§ What the task requires
Within the records below, find each line that holds the string "degrees", then copy it.

§ Record set

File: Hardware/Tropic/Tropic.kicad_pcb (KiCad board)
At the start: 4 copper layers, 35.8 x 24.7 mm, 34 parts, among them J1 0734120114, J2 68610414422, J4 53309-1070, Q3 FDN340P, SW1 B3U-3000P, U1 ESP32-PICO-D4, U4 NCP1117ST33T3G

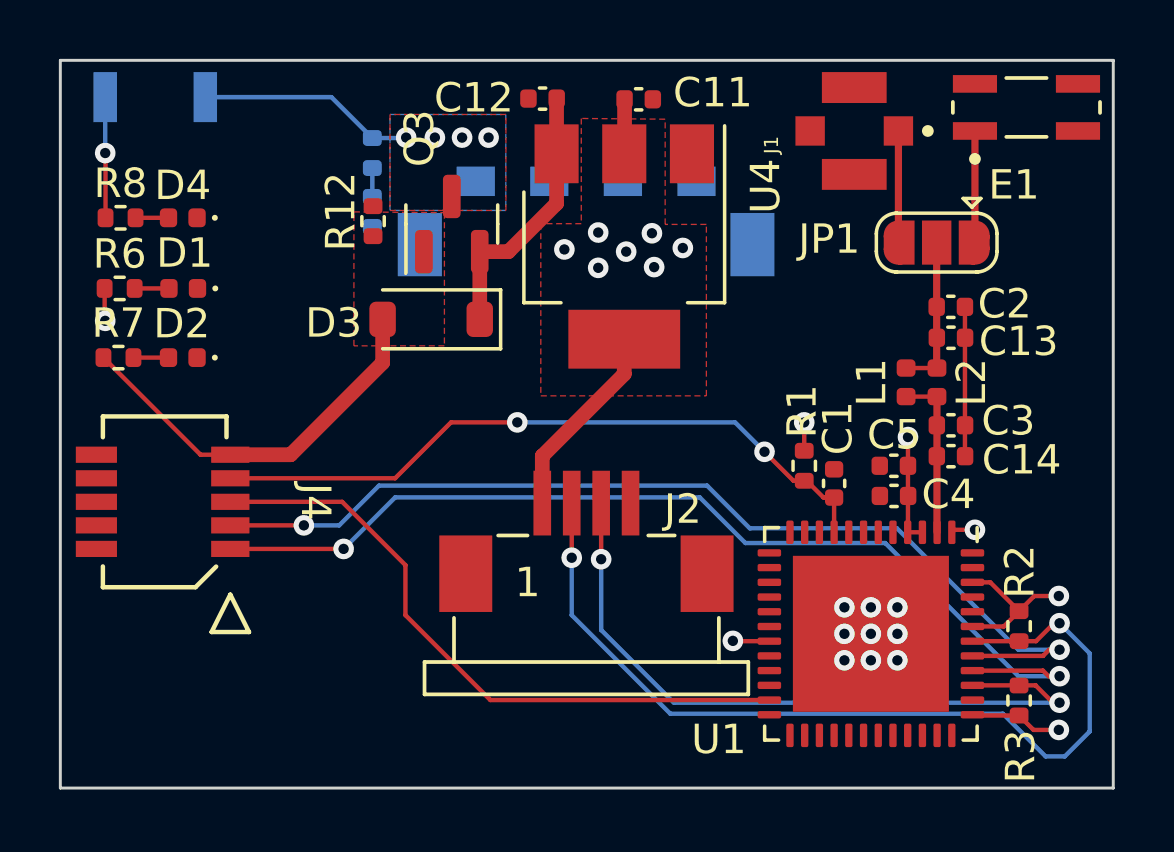
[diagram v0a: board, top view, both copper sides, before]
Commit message: Removed doubled Pi Matching and add LED for voltage monitoring
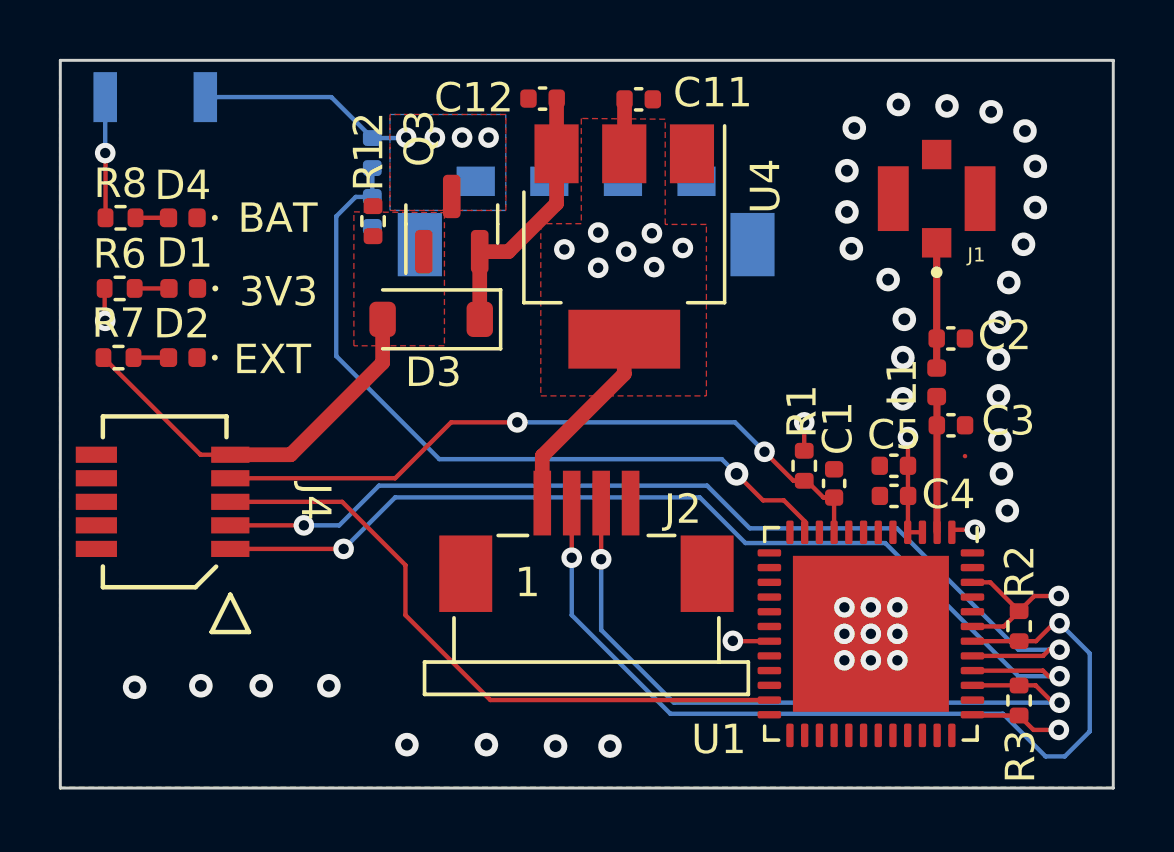
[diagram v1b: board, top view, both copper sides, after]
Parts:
- removed C13, C14: TBD, Capacitor_SMD:C_0402_1005Metric
- removed E1: 2450AT42E010BE, manul_tech:XDCR_2450AT42E010BE
- removed JP1: Antenna Selector, Jumper:SolderJumper-3_P1.3mm_Open_RoundedPad1.0x1.5mm
- removed L2: TBD, Inductor_SMD:L_0402_1005Metric
- moved J1 3.62 mm to (208.2, 19.9), turned to 0 degrees
- moved C2 1.07 mm to (208.7, 24.7)
- moved L1 1.04 mm to (208.2, 26.2)
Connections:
- C2 pad 1: Net-(JP1-C) -> Net-(C2-Pad1)
- J1 pad 1: Net-(JP1-B) -> Net-(C2-Pad1)
- L1 pad 2: Net-(JP1-C) -> Net-(C2-Pad1)
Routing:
- net /MCU/GPI35: track 0.98 -> 25.8 mm, vias 0 -> 1
- net Net-(JP1-C): track 5.32 -> 0.00 mm
- net GND: track 5.08 -> 0.01 mm, vias 9 -> 39
- net Net-(C2-Pad1): track 0.00 -> 4.27 mm
- net Net-(JP1-B): track 3.79 -> 0.00 mm
- net Net-(JP1-A): track 3.79 -> 0.00 mm
- net Net-(U1-LNA_IN): track 5.66 -> 4.61 mm
- added copper zone on In1.Cu, net +3.3V
- added copper zone on B.Cu, net GND
- added copper zone on F.Cu, net GND
- added copper zone on In2.Cu, net GND
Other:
- board text added: "3V3"
- board text added: "BAT"
- board text added: "EXT"

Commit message: Completed design V1
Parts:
- added D5: 1N5819W, Diode_SMD:D_SOD-123, F.Cu at (191.2, 20.5)
- moved R2 16.6 mm to (195.8, 27.9)
- moved R3 7.63 mm to (203.4, 35.9), turned to -90 degrees
- moved C4 5.70 mm to (209.1, 24.8)
- moved C1 5.70 mm to (207.0, 24.4)
- moved C5 5.70 mm to (209.1, 23.8)
- moved R1 5.70 mm to (206.0, 23.8)
- moved U1 5.70 mm to (208.3, 29.5)
- moved D3 4.19 mm to (190.4, 28.2)
- moved R12 4.19 mm to (188.5, 24.9)
- moved Q3 4.19 mm to (191.2, 25.0)
- moved C2 3.64 mm to (211.0, 21.9)
- moved C3 3.64 mm to (211.0, 24.8)
- moved L1 3.64 mm to (210.5, 23.4)
- moved J1 2.64 mm to (210.5, 18.6)
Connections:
- BATT1 pad 1: +BATT -> Net-(BATT1-B+)
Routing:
- net +BATT: track 7.42 -> 15.5 mm, vias 4 -> 1
- net /MCU/SDA: track 31.0 -> 23.5 mm
- net GND: track 0.01 -> 3.95 mm, vias 39 -> 28
- net Net-(D3-K): track 9.17 -> 13.0 mm
- net /MCU/EN: track 23.5 -> 26.9 mm
- net VDC: track 13.6 -> 10.5 mm
- net /MCU/GPI35: track 25.8 -> 28.7 mm
- net Net-(U1-LNA_IN): track 4.61 -> 2.22 mm
- net Net-(C2-Pad1): track 4.27 -> 2.76 mm
- net /MCU/RX: track 34.5 -> 33.2 mm
- net /MCU/IO0: track 22.1 -> 23.3 mm, vias 0 -> 2
- net /MCU/TX: track 34.1 -> 33.4 mm
- net /MCU/SCL: track 24.1 -> 24.4 mm, vias 2 -> 0
- net Net-(BATT1-B+): track 0.00 -> 0.01 mm, vias 0 -> 4
- added copper zone on B.Cu, net Net-(BATT1-B+)
- added copper zone on F.Cu, net Net-(BATT1-B+)
- removed copper zone on B.Cu, net +BATT
- removed copper zone on F.Cu, net +BATT
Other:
- board text added: "M-Sens Tropic by Manul Technologies"

§ Output for this task
- moved J1 3.62 mm to (208.2, 19.9), turned to 0 degrees
- moved R3 7.63 mm to (203.4, 35.9), turned to -90 degrees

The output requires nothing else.